Mostly. There's a little grinding noise but some oil on the armature plate made it zip back and forth again. Not sure if the brushes are ready to be replaced. See below. I already ordered replacement brushes, gear and axle.

As far as grease for when I replace the gear, I see Red n Taky mentioned but not in stock at my ACE. Any recomendations that might be available locally in small quantity?


----------



## ErnestHouse (Sep 6, 2015)

Millstonemike said:


> Anyone else see the inside of the bushing? It seems worn in a peculiar way, like it's threaded. Enough slop in the bushing may allow the worm gear to skip causing the noise. Perhaps not run enough in this state to wear the gears.


Good Eye Mike. When I first had a problem months ago, the screws holding down the armature top had loosened causing it to stutter badly. It kept happening until I put threadlocker on them. I think it's arguable that in one of those times, the armature wobbled and damaged the bushing. I ordered a new one along with worm gear, axle and brushes to refurb the drive train. Gotta wait for a a wheel puller to be made by Mr Timco. Thanks for the help.


----------



## Millstonemike (Aug 9, 2018)

ErnestHouse said:


> :appl: That did the trick :appl:
> 
> Mostly. There's a little grinding noise but some oil on the armature plate made it zip back and forth again. Not sure if the brushes are ready to be replaced. See below. I already ordered replacement brushes, gear and axle.
> 
> ...


Clean the armature face. Some 90%+ isopropyl alcohol will do (~$3 at any pharmacy) or CRC, Goo-Gone, etc.

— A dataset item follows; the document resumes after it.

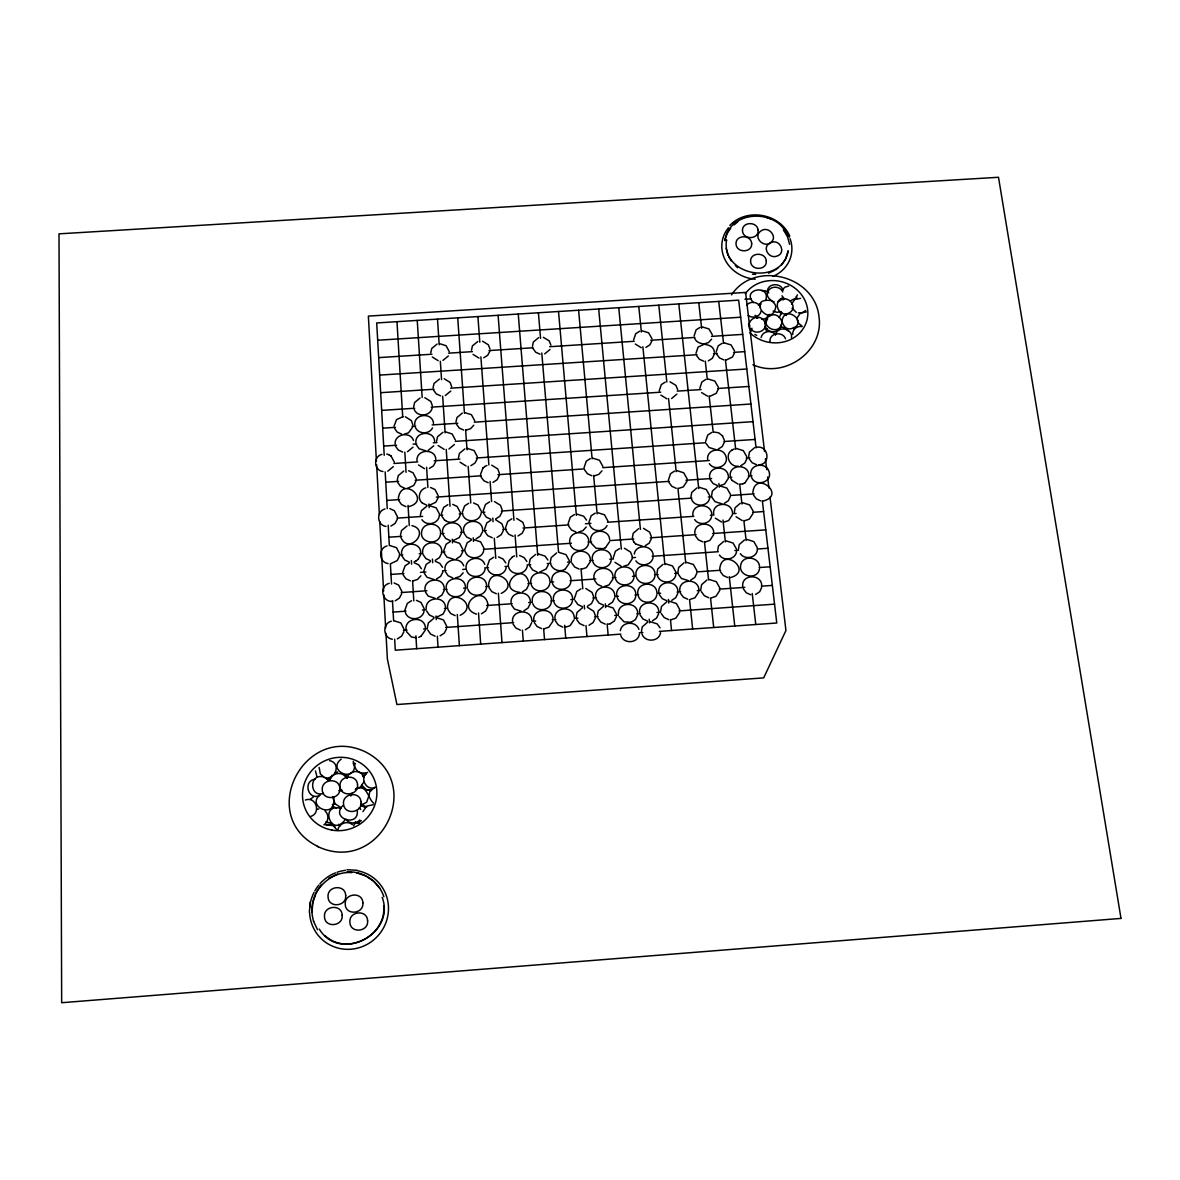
<?xml version="1.0" encoding="UTF-8"?>
<svg xmlns="http://www.w3.org/2000/svg" width="1180" height="1180" viewBox="0 0 1180 1180"><rect width="100%" height="100%" fill="white"/><g stroke="black" fill="none" stroke-linecap="round" stroke-linejoin="round"><path stroke-width="1.5" d="M315.444 770.909L317.11 777.207M791.47 337.701C793.063 328.306 777.192 325.296 775.555 334.855M792.768 334.442C792.09 329.486 797.311 325.592 801.958 326.609M781.853 321.816C780.688 338.439 756.115 325.179 769.758 314.308M781.942 321.83C783.668 302.493 810.985 323.718 790.792 328.778C781.544 329.987 783.461 318.467 777.074 315.606C771.086 312.228 767.413 319.677 761.808 319.338M786.205 315.576L786.234 313.659M769.98 341.713C768.962 332.878 782.783 330.872 785.511 338.778M750.008 329.604C744.801 319.632 760.215 311.874 764.832 322.111C768.534 330.4 755.628 335.902 750.952 328.91M748.651 456.601L749.389 452.132L754.566 447.677M750.76 474.611C749.492 464.227 765.643 461.69 768.829 471.086C773.416 482.045 755.112 487.65 751.424 477.015M752.87 492.724C754.802 469.551 787.031 494.907 763.209 501.028M738.488 549.172L739.241 544.555L744.506 539.953M742.707 586.416C741.276 574.247 760.879 573.539 761.734 585.074M730.199 475.997C728.916 464.286 748.017 463.46 748.887 474.744M734.314 512.371L735.066 507.813L740.303 503.27M717.661 550.618L718.443 546.001L723.709 541.384M719.712 569.188C721.806 545.44 754.33 571.312 730.154 577.669M707.646 459.345C706.451 448.99 722.529 446.571 725.715 455.849C729.845 465.613 714.711 472.074 709.372 463.666M709.623 477.384C708.369 465.584 727.47 464.964 728.326 476.13M711.614 495.526L712.381 490.998L717.617 486.47M716.157 352.038L718.163 345.873L722.116 343.336M713.62 513.787C712.322 501.854 731.585 501.22 732.441 512.489M694.858 533.567C693.56 521.59 712.912 520.926 713.753 532.269M699.828 388.25L701.864 382.01L705.847 379.459M700.802 589.366L701.584 584.69L706.909 580.014M705.67 441.423L707.72 435.066L711.732 432.47M694.091 336.02L696.112 329.884L700.065 327.362M690.949 496.928L691.746 492.399L696.997 487.871M695.994 353.336L698.014 347.156L704.283 344.191M692.896 515.203C691.628 503.285 710.891 502.621 711.732 513.905M677.88 572.108L678.677 567.462L684.017 562.816M679.813 590.841C678.456 578.746 698.103 577.817 698.885 589.499M668.396 480.172L670.505 473.726L674.547 471.115M659.207 390.904L661.272 384.65L665.269 382.099M656.936 573.583L657.747 568.922L663.101 564.276M658.794 592.316C657.466 580.295 677.128 579.306 677.895 590.974M660.682 611.166L661.493 606.461L666.877 601.741M641.404 631.639L642.245 626.89L647.658 622.155M635.961 575.044C634.663 563.008 654.266 562.108 655.018 573.716M637.76 593.791C636.463 581.784 656.139 580.767 656.891 592.449M639.575 612.656C638.247 600.517 658.012 599.514 658.764 611.299M633.63 339.87L635.725 333.733L639.693 331.197M632.377 537.874L633.218 533.272L638.557 528.684M613.231 557.86L615.414 551.237L619.544 548.567M614.957 576.504C613.703 564.483 633.306 563.538 634.044 575.176M616.698 595.266C615.414 583.186 635.12 582.227 635.843 593.924M618.453 614.146C617.155 602.08 636.935 600.885 637.657 612.789M592.272 559.305C591.077 547.343 610.591 546.399 611.328 557.978M593.938 577.979C592.714 565.957 612.332 564.984 613.054 576.637M595.62 596.755C594.381 584.705 614.057 583.613 614.795 595.413M597.316 615.65L598.186 610.93L603.629 606.21M588.968 522.298L591.165 515.763L595.266 513.123M590.62 540.75C589.44 528.847 608.88 527.917 609.603 539.437M571.297 560.766C570.117 548.803 589.661 547.83 590.369 559.438M574.527 598.231L576.769 591.534L580.929 588.835M576.15 617.14L577.035 612.42L582.507 607.7M584.071 467.619L586.268 461.203L590.325 458.592M568.111 523.728L570.338 517.179L574.453 514.539M569.704 542.195C568.553 530.307 587.994 529.333 588.717 540.883M551.842 580.914C550.662 568.966 570.309 567.772 570.987 579.572M553.391 599.72C552.196 587.714 571.931 586.504 572.61 598.378M554.954 618.645C553.745 606.653 573.569 605.325 574.218 617.288M550.293 562.211L551.207 557.58L556.635 552.933M530.764 582.389C529.614 570.442 549.26 569.217 549.924 581.047M532.254 601.21C531.074 589.203 550.824 587.965 551.473 599.853M533.744 620.149C532.578 608.157 552.373 606.845 553.037 618.777M529.274 563.671L530.189 559.025L535.661 554.394M511.073 602.7C509.937 590.693 529.702 589.425 530.322 601.343M512.518 621.654C511.368 609.662 531.177 608.32 531.826 620.282M532.46 346.33L533.345 342.008L538.655 337.628M505.424 528.021L507.725 521.457L511.855 518.802M508.226 565.131L509.17 560.485L512.504 556.872M488.52 585.339C490.113 563.538 521.486 583.392 501.235 593.393M483.136 511.043L485.467 504.524L489.582 501.884M484.478 529.451L486.794 522.888L490.939 520.232M487.163 566.592L489.494 559.954L493.668 557.27M467.369 586.814C466.321 574.97 485.998 573.554 486.603 585.472M480.496 474.567L482.915 468.032M462.236 512.459L464.581 505.94L468.711 503.285M463.504 530.882C462.516 519.185 481.942 517.873 482.576 529.584M464.787 549.408L467.147 542.8L471.307 540.13M466.071 568.052C465.112 557.58 481.573 554.571 484.744 564.379M447.426 607.169C449.02 585.265 480.599 605.178 460.156 615.296M458.474 457.855L459.433 453.371L464.891 448.843M471.499 350.224L472.428 345.888L477.797 341.492M442.529 532.313C441.556 520.631 460.997 519.288 461.601 531.015M443.739 550.868L446.114 544.246L450.288 541.576M444.963 569.527C444.034 559.04 460.495 556.016 463.666 565.84M455.996 421.998L456.955 417.558L462.383 413.074M446.188 588.289C445.155 576.4 464.846 575.058 465.436 586.947M426.172 608.674C425.154 596.77 444.934 595.222 445.494 607.302M427.352 627.686L428.355 622.937L433.96 618.187M441.32 513.89L443.68 507.356L447.825 504.701M433.06 387.881L434.019 383.485L439.447 379.046M422.661 552.314C421.702 540.573 441.246 539.172 441.822 551.001M423.827 570.987L426.231 564.32L430.42 561.636M424.992 589.764C423.974 577.905 443.695 576.43 444.27 588.422M436.556 441.246L437.529 436.777L442.987 432.264M404.888 610.163L407.336 603.408L411.54 600.709M416.968 460.628C416.112 449.211 435.214 447.913 435.848 459.374M383.707 905.96C386.421 935.711 347.156 956.346 324.943 935.592M405.994 629.191C404.991 617.243 424.874 615.724 425.405 627.819M430.759 352.82L431.718 348.483L437.101 344.088M420.36 515.306L421.363 510.733L426.909 506.117M400.477 535.189L401.495 530.587L407.071 525.941M401.569 553.774C400.625 542.033 420.183 540.602 420.744 552.447M413.634 406.908L414.623 402.483L420.065 398.014M402.675 572.448L405.109 565.78L409.298 563.096M414.741 424.697C413.929 413.398 432.853 412.145 433.502 423.473M415.847 442.603C415.021 431.246 434.034 429.977 434.668 441.364M368.839 796.058L366.582 802.356L360.505 805.365M368.868 796.058L369.812 791.662L374.916 787.252M397.247 480.142L398.265 475.614L403.781 471.041M398.324 498.388C401.731 474.714 432.337 500.777 408.383 506.736M394.076 426.054L396.539 419.608L402.926 416.673M395.123 443.975C394.4 433.856 410.375 431.039 413.501 440.479M354.487 765.304L354.664 763.062M354.634 765.569C354.384 783.49 326.609 770.157 341.197 759.138M333.733 799.553L333.925 797.297M333.94 801.043C333.645 819.156 305.709 805.675 320.444 794.553M319.161 767.472L320.326 773.918L323.659 776.809M309.352 912.14L310.266 901.8M312.022 911.934L312.877 902.287L315.62 894.661M779.169 317.479L781.794 312.346M781.057 324.972C780.762 333.645 766.941 334.088 765.23 325.887M765.009 323.969L767.649 318.821M767.384 291.416C767.693 282.935 781.204 282.389 783.048 290.354M750.79 331.831L751.97 328.217M726.349 240.897L726.585 239.835C720.508 275.973 781.824 287.065 788.211 250.75L785.688 258.804L781.499 264.969M355.431 821.693L353.675 825.882M362.378 775.319L362.968 773.151M330.076 779.523L331.846 775.378M761.675 587.463L759.699 591.755L755.584 594.455M757.354 550.219C756.173 558.155 744.698 560.087 740.332 553.7M759.507 568.79C757.722 580.604 738.503 576.769 740.642 565.353C742.22 554.88 758.784 556.341 759.551 566.415M736.541 551.665C735.347 559.689 723.753 561.547 719.431 555.057M753.061 513.418L749.315 519.156L744.669 520.705M797.179 317.818L800.453 313.024L806.323 311.933M748.843 477.045L744.964 482.782M719.8 590.413L715.965 596.313L711.26 597.891M730.317 496.574L728.34 500.733L724.284 503.373M791.514 304.219L794.804 299.44L800.645 298.348M797.385 294.838L795.733 298.23L790.32 300.812M746.748 459.02L744.787 463.121L740.76 465.746M732.382 514.834L728.606 520.572L723.96 522.135M696.834 573.17L694.799 577.433L690.683 580.132M728.267 478.431L724.52 484.11L719.903 485.659M713.679 534.629L709.873 540.411L705.212 541.974M698.811 591.888L694.961 597.788L690.256 599.366M677.822 593.378L675.771 597.67L671.73 600.355M709.667 497.975C708.236 506.943 694.415 507.577 691.524 499.214M761.13 337.569C762.25 330.961 771.779 329.559 775.511 334.737M679.754 612.228L675.86 618.158L671.14 619.751M711.673 516.25C710.434 524.186 698.944 526.044 694.637 519.598M675.889 574.63C674.473 583.82 660.387 584.469 657.496 575.914M761.085 311.122C760.097 316.874 752.427 318.91 748.15 315.37M765.805 300.148C770.806 283.569 740.583 289.218 753.474 302.567M660.549 632.701C659.163 642.023 644.855 642.672 641.964 634.029M724.21 442.471L722.249 446.542L718.222 449.152M734.417 353.071L732.485 357.024L726.231 360.018M656.788 594.853C655.372 604.027 641.212 604.779 638.321 596.151M658.676 613.718L656.596 618.04L652.525 620.754M637.569 615.208L635.474 619.544L631.315 622.258M654.929 576.091C653.484 585.221 639.413 585.973 636.507 577.389M687.07 481.219L683.279 486.898L678.648 488.446M718.207 389.297L716.26 393.309L709.947 396.318M639.383 634.206C637.967 643.484 623.674 644.265 620.769 635.533M651.242 538.921L649.192 543.154L645.165 545.779M635.755 596.328C634.324 605.591 620.134 606.196 617.258 597.626M714.269 354.369L712.322 358.322L708.354 360.874M653.086 557.462C651.788 565.412 640.239 567.403 635.873 560.854M616.432 616.712L614.323 621.049L610.163 623.763M633.955 577.566C632.48 586.681 618.394 587.448 615.503 578.849M620.326 630.71C621.757 621.432 636.035 620.665 638.926 629.397M614.677 597.818L612.582 602.125L608.497 604.809M632.155 558.907L628.262 564.748L623.571 566.326M634.265 554.025C635.917 543.7 652.496 544.88 653.174 555.087M611.225 560.367C609.736 569.527 595.679 570.147 592.817 561.636M595.28 618.202L593.157 622.538L588.982 625.267M612.951 579.026L608.998 584.911L604.293 586.49M609.5 541.797L605.473 547.653M593.599 599.293L591.475 603.6L587.316 606.328M590.251 561.813L586.298 567.654L581.607 569.232M574.1 619.707L570.088 625.666L565.353 627.259M651.891 340.917L649.9 344.855L645.932 347.407M570.869 581.976C569.35 591.062 555.234 591.918 552.373 583.259M588.599 543.243C587.094 552.299 573.082 553.007 570.22 544.511M572.477 600.782C570.987 609.986 556.798 610.783 553.922 602.095M569.262 563.273L565.191 569.173M552.904 621.211L548.877 627.17L544.128 628.778M549.792 583.436C548.258 592.522 534.142 593.422 531.28 584.734M551.34 602.272C549.821 611.388 535.617 612.317 532.77 603.57M530.189 603.762L528.021 608.084L523.891 610.783M548.258 564.733L546.119 568.996L539.555 572.167M531.678 622.716L529.51 627.067L525.365 629.781M528.699 584.911L526.546 589.203L522.416 591.888M527.224 566.194C525.661 575.235 511.589 576.12 508.742 567.477M524.303 529.068L522.15 533.286L518.02 535.956M487.797 606.741L485.6 611.063L481.44 613.777M506.176 567.654C504.583 576.666 490.497 577.625 487.665 568.937M503.373 530.499L501.205 534.717L497.06 537.401M486.44 587.876C484.862 596.933 470.702 597.906 467.855 589.174M483.756 550.47C482.148 559.453 468.121 560.397 465.274 551.739M501.972 512.105L499.819 516.294L495.689 518.949M485.098 569.114C483.476 578.126 469.419 579.1 466.557 570.397M499.228 475.614L497.075 479.759L492.975 482.399M446.556 628.748L444.329 633.1L440.125 635.828M482.414 531.944L480.231 536.163L476.086 538.832M465.274 589.351C463.651 598.393 449.521 599.411 446.674 590.649M462.708 551.916L460.51 556.178L456.35 558.863M445.317 609.736L443.09 614.057L436.438 617.273M481.086 513.521C479.449 522.416 465.584 523.315 462.722 514.76M442.869 572.049L440.642 576.327L436.452 579.026M425.228 630.253L420.995 636.271M461.439 533.375L459.241 537.593L452.678 540.75M362.909 811.634L366.729 806.073L373.322 804.716M444.093 590.826L441.866 595.133L437.662 597.847M337.908 829.673C339.117 823.36 347.599 820.292 352.422 824.658M351.507 795.113L352.274 792.975M441.645 553.376L439.432 557.624L435.258 560.323M477.148 458.917L474.994 463.032L470.894 465.658M424.048 611.225C422.425 620.311 408.162 621.388 405.345 612.538M364.119 781.602L360.313 787.119L356.006 788.609M460.171 514.937C458.976 520.778 451.837 523.964 446.586 521.354M439.24 516.368C437.721 524.141 426.275 526.28 421.924 519.716M347.023 778.417C348.454 770.142 361.449 768.932 363.897 777.148M403.87 631.772L401.598 636.138L397.35 638.882M440.435 534.806C438.385 546.148 419.092 543.139 421.688 531.398C423.531 521.354 440.111 522.003 440.612 532.446M489.848 351.257L487.738 355.224L483.712 357.791M401.657 593.791L399.386 598.113L395.182 600.827M438.046 498.019L435.759 502.297L429.299 505.32M420.567 554.821L418.251 559.158M435.671 461.675L433.399 465.894L429.373 468.43M329.795 780.393C331.138 773.195 341.743 770.835 345.711 777.133M399.459 556.282L397.129 560.618L390.595 563.716M397.306 519.215L395.064 523.419L390.904 526.088M416.024 481.189L413.723 485.437L407.277 488.446M432.175 407.956C430.435 416.599 416.909 417.41 414.092 409.121M412.675 427.101L408.575 432.78L404.017 434.24M782.119 290.206L784.818 287.256L788.609 286.062M782.723 297.744C771.455 302.39 779.641 318.91 789.848 312.523C798.491 306.918 787.812 294.558 780.26 300.31M607.051 525.587C603.659 532.77 592.095 532.018 589.499 524.613M731.556 294.867C754.212 260.234 814.672 275.309 818.964 316.491C824.245 351.227 784.302 379.267 752.943 364.723M711.629 339.147L708.487 342.554L704.121 343.97M586.195 527.018L583.023 530.558L578.348 532.121M676.892 394.076L671.612 398.53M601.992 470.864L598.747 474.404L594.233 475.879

Clean the 3 faces with the alcohol. Use a pencil eraser on tough spots. Clean the slits between the three faces with a toothpick. Wash them out. Clean the brush faces and springs. And clean the inside of the "silos" that hold the brushes and springs with a Q-tip.

That will insure good electrical contact from roller to armature.


----------



## TrainLarry (Jan 15, 2012)

Be careful using alcohol on the commutator segments. Alcohol will dissolve the shellac insulation on the wires, causing them to short. Use Naphtha instead, available at any hardware store.


Larry


----------



## Millstonemike (Aug 9, 2018)

TrainLarry said:


> Be careful using alcohol on the commutator segments. Alcohol will dissolve the shellac insulation on the wires, causing them to short. Use Naphtha instead, available at any hardware store.
> 
> 
> Larry


Wow. Good heads up.

Never had an issue before but I always use Q-tips so I probably never hit any windings with the alcohol.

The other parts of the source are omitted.